Data driven response criteria in pediatric acute myeloid leukemia
Mentor Name: Richard Aplenc
Pediatric acute myeloid leukemia (AML) is the second most common pediatric hematologic malignancy and requires very intensive, typically in-patient therapy. The development of new therapies to improve AML outcomes is challenged by current guidance from the Food and Drug Administration (FDA) that requires patients to achieve neutrophil and platelet recovery thresholds based exclusively on historical adult data. These thresholds of a neutrophil count greater than 1000/ul and a platelet count of greater than 100,000/ul are not used in Children’s Oncology Group (COG) clinical trials and are rarely met in current pediatric clinical practice. The FDA requires attainment of these adult thresholds to qualify for complete response, the criteria used to determine clinical effectiveness for FDA approval of novel therapies.
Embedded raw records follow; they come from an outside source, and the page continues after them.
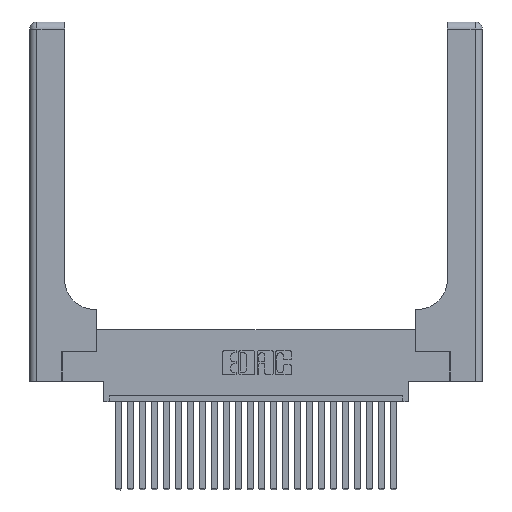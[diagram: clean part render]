
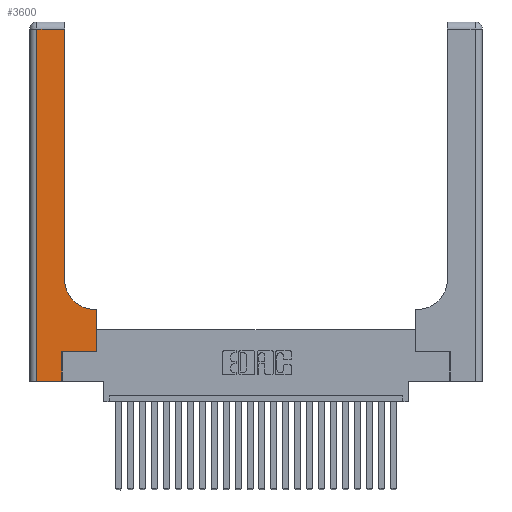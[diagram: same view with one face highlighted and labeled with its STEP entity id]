
A CAD part, top view. The second image highlights one B-rep face of the part: STEP entity #3600.
In plain terms, the highlighted planar face has unit normal (0, 0, 1).
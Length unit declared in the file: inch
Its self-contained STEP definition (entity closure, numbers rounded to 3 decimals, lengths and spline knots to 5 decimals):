
#152 = VECTOR ( 'NONE', #5112, 39.37008 ) ;
#156 = EDGE_CURVE ( 'NONE', #20780, #7737, #10907, .T. ) ;
#389 = VERTEX_POINT ( 'NONE', #17979 ) ;
#1459 = DIRECTION ( 'NONE',  ( 0., -1., 0. ) ) ;
#1680 = EDGE_CURVE ( 'NONE', #389, #12789, #23818, .T. ) ;
#1696 = VECTOR ( 'NONE', #4913, 39.37008 ) ;
#1743 = LINE ( 'NONE', #12980, #3592 ) ;
#2244 = EDGE_CURVE ( 'NONE', #16663, #6617, #8944, .T. ) ;
#3592 = VECTOR ( 'NONE', #24636, 39.37008 ) ;
#3600 = ADVANCED_FACE ( 'NONE', ( #5087 ), #9443, .F. ) ;
#4792 = CARTESIAN_POINT ( 'NONE',  ( 0., 2.94, 0.37 ) ) ;
#4913 = DIRECTION ( 'NONE',  ( 0., 1., 0. ) ) ;
#5087 = FACE_OUTER_BOUND ( 'NONE', #7939, .T. ) ;
#5112 = DIRECTION ( 'NONE',  ( 1., 0., 0. ) ) ;
#5183 = CARTESIAN_POINT ( 'NONE',  ( 0.5415, 0.85, 0.37 ) ) ;
#5290 = CARTESIAN_POINT ( 'NONE',  ( 0.2915, 0.85, 0.37 ) ) ;
#5997 = DIRECTION ( 'NONE',  ( 1., 0., 0. ) ) ;
#6617 = VERTEX_POINT ( 'NONE', #8206 ) ;
#6938 = LINE ( 'NONE', #14520, #1696 ) ;
#7013 = ORIENTED_EDGE ( 'NONE', *, *, #156, .T. ) ;
#7175 = DIRECTION ( 'NONE',  ( 0., 0., -1. ) ) ;
#7349 = LINE ( 'NONE', #7426, #17274 ) ;
#7426 = CARTESIAN_POINT ( 'NONE',  ( 0.06, 3., 0.37 ) ) ;
#7737 = VERTEX_POINT ( 'NONE', #22262 ) ;
#7939 = EDGE_LOOP ( 'NONE', ( #14805, #10882, #14518, #13051, #7013, #15387, #8772, #21659, #17210 ) ) ;
#8048 = VECTOR ( 'NONE', #12799, 39.37008 ) ;
#8206 = CARTESIAN_POINT ( 'NONE',  ( 0.06, 2.94, 0.37 ) ) ;
#8390 = CARTESIAN_POINT ( 'NONE',  ( 0.2915, 2.94, 0.37 ) ) ;
#8607 = CARTESIAN_POINT ( 'NONE',  ( 0.269, 0., 0.37 ) ) ;
#8772 = ORIENTED_EDGE ( 'NONE', *, *, #18610, .T. ) ;
#8944 = LINE ( 'NONE', #4792, #8048 ) ;
#9443 = PLANE ( 'NONE',  #10168 ) ;
#9816 = CARTESIAN_POINT ( 'NONE',  ( 0., 0., 0.37 ) ) ;
#10168 = AXIS2_PLACEMENT_3D ( 'NONE', #21462, #23254, #13512 ) ;
#10277 = VECTOR ( 'NONE', #5997, 39.37008 ) ;
#10882 = ORIENTED_EDGE ( 'NONE', *, *, #2244, .T. ) ;
#10907 = LINE ( 'NONE', #8607, #19901 ) ;
#12469 = CARTESIAN_POINT ( 'NONE',  ( 0.269, 0.25, 0.37 ) ) ;
#12686 = CARTESIAN_POINT ( 'NONE',  ( 0.2915, 0.6, 0.37 ) ) ;
#12789 = VERTEX_POINT ( 'NONE', #25444 ) ;
#12799 = DIRECTION ( 'NONE',  ( -1., 0., 0. ) ) ;
#12980 = CARTESIAN_POINT ( 'NONE',  ( 0.2915, 3., 0.37 ) ) ;
#13051 = ORIENTED_EDGE ( 'NONE', *, *, #19514, .T. ) ;
#13210 = EDGE_CURVE ( 'NONE', #7737, #13806, #25209, .T. ) ;
#13297 = EDGE_CURVE ( 'NONE', #18082, #16663, #1743, .T. ) ;
#13512 = DIRECTION ( 'NONE',  ( -1., 0., 0. ) ) ;
#13806 = VERTEX_POINT ( 'NONE', #22252 ) ;
#14455 = AXIS2_PLACEMENT_3D ( 'NONE', #5183, #7175, #25039 ) ;
#14518 = ORIENTED_EDGE ( 'NONE', *, *, #24922, .T. ) ;
#14520 = CARTESIAN_POINT ( 'NONE',  ( 0.5585, 0.25, 0.37 ) ) ;
#14597 = DIRECTION ( 'NONE',  ( -1., 0., 0. ) ) ;
#14805 = ORIENTED_EDGE ( 'NONE', *, *, #13297, .T. ) ;
#15387 = ORIENTED_EDGE ( 'NONE', *, *, #13210, .T. ) ;
#16663 = VERTEX_POINT ( 'NONE', #8390 ) ;
#16760 = VECTOR ( 'NONE', #14597, 39.37008 ) ;
#17085 = CARTESIAN_POINT ( 'NONE',  ( 0.06, 0., 0.37 ) ) ;
#17210 = ORIENTED_EDGE ( 'NONE', *, *, #22131, .T. ) ;
#17274 = VECTOR ( 'NONE', #1459, 39.37008 ) ;
#17979 = CARTESIAN_POINT ( 'NONE',  ( 0.5585, 0.6, 0.37 ) ) ;
#18082 = VERTEX_POINT ( 'NONE', #5290 ) ;
#18610 = EDGE_CURVE ( 'NONE', #13806, #389, #6938, .T. ) ;
#19514 = EDGE_CURVE ( 'NONE', #21540, #20780, #21443, .T. ) ;
#19901 = VECTOR ( 'NONE', #22462, 39.37008 ) ;
#20780 = VERTEX_POINT ( 'NONE', #22615 ) ;
#20961 = CIRCLE ( 'NONE', #14455, 0.25 ) ;
#21443 = LINE ( 'NONE', #9816, #10277 ) ;
#21462 = CARTESIAN_POINT ( 'NONE',  ( 0., 3., 0.37 ) ) ;
#21540 = VERTEX_POINT ( 'NONE', #17085 ) ;
#21659 = ORIENTED_EDGE ( 'NONE', *, *, #1680, .T. ) ;
#22131 = EDGE_CURVE ( 'NONE', #12789, #18082, #20961, .T. ) ;
#22252 = CARTESIAN_POINT ( 'NONE',  ( 0.5585, 0.25, 0.37 ) ) ;
#22262 = CARTESIAN_POINT ( 'NONE',  ( 0.269, 0.25, 0.37 ) ) ;
#22462 = DIRECTION ( 'NONE',  ( 0., 1., 0. ) ) ;
#22615 = CARTESIAN_POINT ( 'NONE',  ( 0.269, 0., 0.37 ) ) ;
#23254 = DIRECTION ( 'NONE',  ( 0., 0., -1. ) ) ;
#23818 = LINE ( 'NONE', #12686, #16760 ) ;
#24636 = DIRECTION ( 'NONE',  ( 0., 1., 0. ) ) ;
#24922 = EDGE_CURVE ( 'NONE', #6617, #21540, #7349, .T. ) ;
#25039 = DIRECTION ( 'NONE',  ( 1., 0., 0. ) ) ;
#25209 = LINE ( 'NONE', #12469, #152 ) ;
#25444 = CARTESIAN_POINT ( 'NONE',  ( 0.5415, 0.6, 0.37 ) ) ;

Thus, the lack of data-driven pediatric standards hinders the ability of investigators and industry sponsors to develop new therapies for pediatric AML. This project will contribute to manual chart abstraction for a multi-institution cohort of pediatric AML patients that will develop the data necessary for establishing a data-driven pediatric AML response standard. This data collection will include clinical outcome data and a 14-day window of neutrophil and platelet count data at the end of induction therapy in the newly diagnosed and relapse AML settings. These data will then be used to evaluate the current adult thresholds as well as the current COG threshold used in front-line COG clinical trials.